Queets is an unincorporated community and census-designated place (CDP) in Grays Harbor and Jefferson counties, Washington, United States. The population was 136 at the 2020 census, down from 174 at the 2010 census. The primary residents of the community are Native Americans of the Quinault Indian Nation.

== Etymology ==
Queets gets its name from the Queets River which it borders. According to William Bright The Queets River gets its name from the Quinault word q'ʷícx̣ʷ.

==History==
The post office at Queets was established July 13, 1880, and discontinued July 31, 1934, with mail being sent to Clearwater, approximately 8 mi away.

==Geography==
The community is near the coast of the Pacific Ocean along the Queets River at the northern edge of the Quinault Indian Reservation. Queets consists of several homes, a store, gas station, fisheries, daycare, Head Start, and a remote office for the Quinault Nation. Other local attractions include the Pacific beach hiking trails, Olympic National Park, and Olympic National Forest.

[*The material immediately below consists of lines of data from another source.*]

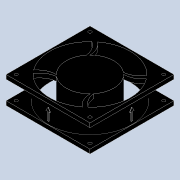
# Autodesk Inventor part: 110AC Fan
Saved by Autodesk Inventor 2022 (Build 260153000, 153)
## iProperties
Created: 2022-01-01
Part Number: 110AC Fan
Material: Generic
Document SubType Name: Modeling
Designer: Coy
Density: 1 g/cm^3
Appearance: Anodized - Black
Author: Coy
Autodesk Inventor part; units mm, degrees
ref_plane "YZ Plane" through (0, 0, 0) normal (1, 0, 0) x (0, 1, 0)
ref_plane "XZ Plane" through (0, 0, 0) normal (0, 1, 0) x (-1, 0, 0)
ref_plane "XY Plane" through (0, 0, 0) normal (0, 0, 1) x (1, 0, 0)
sketch "Sketch1" plane through (0, 0, 0) normal (0, 1, 0) x (-1, 0, 0)
  line L0 (0, 0) -> (120, 0)
  line L1 (120, 0) -> (120, 120)
  line L2 (120, 120) -> (0, 120)
  line L3 (0, 120) -> (0, 0)
  circle A0 centre (60, 60) radius 57.5
  circle A1 centre (60, 60) radius 34
  spline S0 degree 2 poles (84.1438, 36.061) (84.0562, 23.335) (94.7364, 14.1782) knots 0 0 0 1 1 1
  spline S1 degree 2 poles (86.5138, 38.7158) (87.757, 26.0504) (99.3358, 18.0602) knots 0 0 0 1 1 1
  spline S2 degree 2 poles (83.939, 84.1438) (96.665, 84.0562) (105.8218, 94.7364) knots 0 0 0 1 1 1
  spline S3 degree 2 poles (81.2842, 86.5138) (93.9496, 87.757) (101.9398, 99.3358) knots 0 0 0 1 1 1
  spline S4 degree 2 poles (35.8562, 83.939) (35.9438, 96.665) (25.2636, 105.8218) knots 0 0 0 1 1 1
  spline S5 degree 2 poles (33.4862, 81.2842) (32.243, 93.9496) (20.6642, 101.9398) knots 0 0 0 1 1 1
  spline S6 degree 2 poles (36.061, 35.8562) (23.335, 35.9438) (14.1782, 25.2636) knots 0 0 0 1 1 1
  spline S7 degree 2 poles (38.7158, 33.4862) (26.0504, 32.243) (18.0602, 20.6642) knots 0 0 0 1 1 1
  point P0 (86.6046, 24.5288)
  point P1 (90.1666, 27.504)
  point P2 (95.4712, 86.6046)
  point P3 (92.496, 90.1666)
  point P4 (33.3954, 95.4712)
  point P5 (29.8334, 92.496)
  point P6 (24.5288, 33.3954)
  point P7 (27.504, 29.8334)
  point P8 (18.0602, 20.6642)
  point P9 (38.7158, 33.4862)
  point P10 (86.5138, 38.7158)
  point P11 (105.8218, 94.7364)
  point P12 (99.3358, 18.0602)
  point P13 (25.2636, 105.8218)
  point P14 (101.9398, 99.3358)
  point P15 (36.061, 35.8562)
  point P16 (14.1782, 25.2636)
  point P17 (20.6642, 101.9398)
  dimension "d2" = 115
  dimension "d3" = 68
  dimension "d0" = 120
  dimension "d1" = 120
  dimension "d6" = 6
  dimension "d10" = 360
  constraints: 8 end point, 2 parallel, 1 coincident, 1 horizontal, 1 perpendicular, 68 other
  measures "d0" distance of L2.end L1.end
  measures "d1" distance of L1.end L0.end
extrude "Extrusion1" add sketch "Sketch1" against normal blind 6 contours L3 L2 L1 L0 | S2 A1 S3 A0 | A0 S0 A1 S1 | A1 | S4 A1 S5 A0 | A0 S6 A1 S7
sketch "Sketch2" plane through (0, -6, 0) normal (0, -1, 0) x (1, 0, 0)
  line L0 (-120, 120) -> (-120, 0) projected
  line L1 (-120, 0) -> (0, 0) projected
  line L2 (0, 0) -> (0, 120) projected
  line L3 (0, 120) -> (-120, 120) projected
  arc A0 (-84.1438, 36.061) -> (-38.7158, 33.4862) centre (-60, 60) ccw projected
  arc A1 (-94.7364, 14.1782) -> (-18.0602, 20.6642) centre (-60, 60) ccw projected
  arc A2 (-83.939, 84.1438) -> (-86.5138, 38.7158) centre (-60, 60) ccw projected
  arc A3 (-105.8218, 94.7364) -> (-99.3358, 18.0602) centre (-60, 60) ccw projected
  arc A4 (-35.8562, 83.939) -> (-81.2842, 86.5138) centre (-60, 60) ccw projected
  arc A5 (-25.2636, 105.8218) -> (-101.9398, 99.3358) centre (-60, 60) ccw projected
  arc A6 (-36.061, 35.8562) -> (-33.4862, 81.2842) centre (-60, 60) ccw projected
  arc A7 (-14.1782, 25.2636) -> (-20.6642, 101.9398) centre (-60, 60) ccw projected
  circle A8 centre (-60, 60) radius 34
  circle A9 centre (-60, 60) radius 57.5
  circle A10 centre (-60, 60) radius 59.5
  point P0 (-38.7158, 33.4862)
  point P1 (-36.061, 35.8562)
  point P2 (-33.4862, 81.2842)
  point P3 (-35.8562, 83.939)
  point P4 (-84.1438, 36.061)
  point P5 (-94.7364, 14.1782)
  point P6 (-101.9398, 99.3358)
  point P7 (-25.2636, 105.8218)
  point P8 (-20.6642, 101.9398)
  point P9 (-14.1782, 25.2636)
  point P10 (-18.0602, 20.6642)
  dimension "d14" = 2
  constraints: 2 coincident, 1 centre point, 14 other
extrude "Extrusion2" add sketch "Sketch2" along normal blind 26.5 contours A8 A2 A4 A6 A0 | A10
sketch "Sketch3" plane through (-60, -32.5, 60) normal (0, -1, 0) x (1, 0, 0)
  line L0 (-60, 60) -> (-60, -60) projected
  line L1 (-60, -60) -> (60, -60) projected
  line L2 (60, -60) -> (60, 60) projected
  line L3 (60, 60) -> (-60, 60) projected
  circle A0 centre (0, 0) radius 59.5 projected
  circle A1 centre (0, 0) radius 59.5 projected
  circle A2 centre (0, 0) radius 57.5 projected
  circle A3 centre (0, 0) radius 34 projected
extrude "Extrusion3" add sketch "Sketch3" along normal blind 6 contours L3 L2 L1 L0 | A0 | A3
sketch "Sketch4" plane through (0, 0, 0) normal (0, 1, 0) x (1, 0, 0)
  line L0 (-7.25, -112.75) -> (-112.75, -112.75) construction
  line L1 (-112.75, -112.75) -> (-112.75, -7.25) construction
  line L2 (-112.75, -7.25) -> (-7.25, -7.25) construction
  line L3 (-7.25, -7.25) -> (-7.25, -112.75) construction
  line L4 (-7.25, -112.75) -> (-7.25, -120) construction
  line L5 (-120, -120) -> (0, -120) construction
  line L6 (-7.25, -112.75) -> (0, -112.75) construction
  line L7 (0, 0) -> (0, -120) construction
  line L8 (-112.75, -7.25) -> (-112.75, 0) construction
  line L9 (-120, 0) -> (0, 0) construction
  line L10 (-112.75, -7.25) -> (-120, -7.25) construction
  line L11 (-120, -120) -> (-120, 0) construction
  circle A0 centre (-7.25, -112.75) radius 2.25
  circle A1 centre (-112.75, -112.75) radius 2.25
  circle A2 centre (-112.75, -7.25) radius 2.25
  circle A3 centre (-7.25, -7.25) radius 2.25
  dimension "d19" = 105.5
  dimension "d20" = 105.5
  dimension "d21" = 4.5
  dimension "d22" = 4.5
  dimension "d23" = 4.5
  dimension "d24" = 4.5
  constraints: 16 end point, 4 centre point, 4 coincident, 4 parallel, 4 perpendicular, 4 point on line, 1 horizontal, 1 vertical
  measures "d19" distance of L0.start L0.end
  measures "d20" distance of L0.end L1.end
  measures "d21" diameter of A0
  measures "d22" diameter of A1
  measures "d23" diameter of A2
  measures "d24" diameter of A3
extrude "Extrusion4" cut sketch "Sketch4" against normal through all
sketch "Sketch5" plane through (-120, 0, 0) normal (-1, 0, 0) x (0, 0, 1)
  line L0 (120, -38.5) -> (0, -38.5) construction
  line L1 (60, -38.5) -> (60, 0) construction
  line L2 (0, 0) -> (120, 0) construction
  line L3 (61, -15.75) -> (61, -27.75)
  line L4 (61, -27.75) -> (59, -27.75)
  line L5 (59, -27.75) -> (59, -15.75)
  line L6 (59, -15.75) -> (61, -27.75) construction
  line L7 (61, -15.75) -> (59, -27.75) construction
  line L8 (59, -15.75) -> (57, -15.75)
  line L9 (61, -15.75) -> (63, -15.75)
  line L10 (63, -15.75) -> (60, -10.75)
  line L11 (57, -15.75) -> (60, -10.75)
  line L12 (120, -32.5) -> (0, -32.5) projected
  point P0 (60, -21.75)
  dimension "d27" = 2
  dimension "d28" = 12
  dimension "d29" = 2
  dimension "d30" = 2
  dimension "d31" = 4.75
  dimension "d32" = 12
  dimension "d33" = 12
  dimension "d34" = 17
  constraints: 20 end point, 4 midpoint, 2 perpendicular, 2 point on line, 1 parallel
  measures "d27" distance of L3.end L4.end
  measures "d28" distance of L3.start L3.end
  measures "d29" distance of L5.end L8.end
  measures "d30" distance of L3.start L9.end
  measures "d31" distance between parallel lines of L12 L4
  measures "d32" distance from line of L3.end L9
  measures "d33" distance from line of L4.end L8
  measures "d34" distance from line of L4 L10.end
extrude "Extrusion5" add sketch "Sketch5" against normal up to next
pattern_circular "Circular Pattern1" count 4 over 360 about axis through (-60, 0, 60) along (0, -1, 0) of "Extrusion5"
equation "\"d0\" = d1"
equation "\"d20\" = d19"
equation "\"d22\" = d21"
equation "\"d23\" = d21"
equation "\"d24\" = d21"
body "Solid1"

U.S. Route 101 passes through Queets, crossing the Queets River at the northern edge of the community. US 101 leads north 5 mi to Kalaloch Beach and 39 mi to Forks, site of the nearest airport. Southbound US 101 leads east 25 mi to Amanda Park and southeast 68 mi to Aberdeen.

According to the United States Census Bureau, the Queets CDP has a total area of 3.7 sqkm, of which 3.6 sqkm are land and 0.1 sqkm, or 3.45%, are water.

==Demographics==

Queets first appeared as a census designated place in the 2010 U.S. census.

Historical population
| Census | Pop. | Note | %± |
| 2010 | 174 |  | — |
| 2020 | 136 |  | −21.8% |
U.S. Decennial Census 2000 2010

===Racial and ethnic composition===

Queets CDP, Washington – Racial and ethnic composition Note: the US Census treats Hispanic/Latino as an ethnic category. This table excludes Latinos from the racial categories and assigns them to a separate category. Hispanics/Latinos may be of any race.
| Race / Ethnicity (NH = Non-Hispanic) | Pop 2010 | Pop 2020 | % 2010 | % 2020 |
|---|---|---|---|---|
| White alone (NH) | 5 | 4 | 2.87% | 2.94% |
| Black or African American alone (NH) | 1 | 1 | 0.57% | 0.74% |
| Native American or Alaska Native alone (NH) | 159 | 117 | 91.38% | 86.03% |
| Asian alone (NH) | 0 | 0 | 0.00% | 0.00% |
| Native Hawaiian or Pacific Islander alone (NH) | 1 | 0 | 0.57% | 0.00% |
| Other race alone (NH) | 0 | 0 | 0.00% | 0.00% |
| Mixed race or Multiracial (NH) | 8 | 9 | 4.60% | 6.62% |
| Hispanic or Latino (any race) | 0 | 5 | 0.00% | 3.68% |
| Total | 174 | 136 | 100.00% | 100.00% |

===2010 census===
At the 2010 census, more than 95% of the population identified their race as American Indian.

== Religion ==
The only place of worship in Queets is the Queets Indian Shaker Church.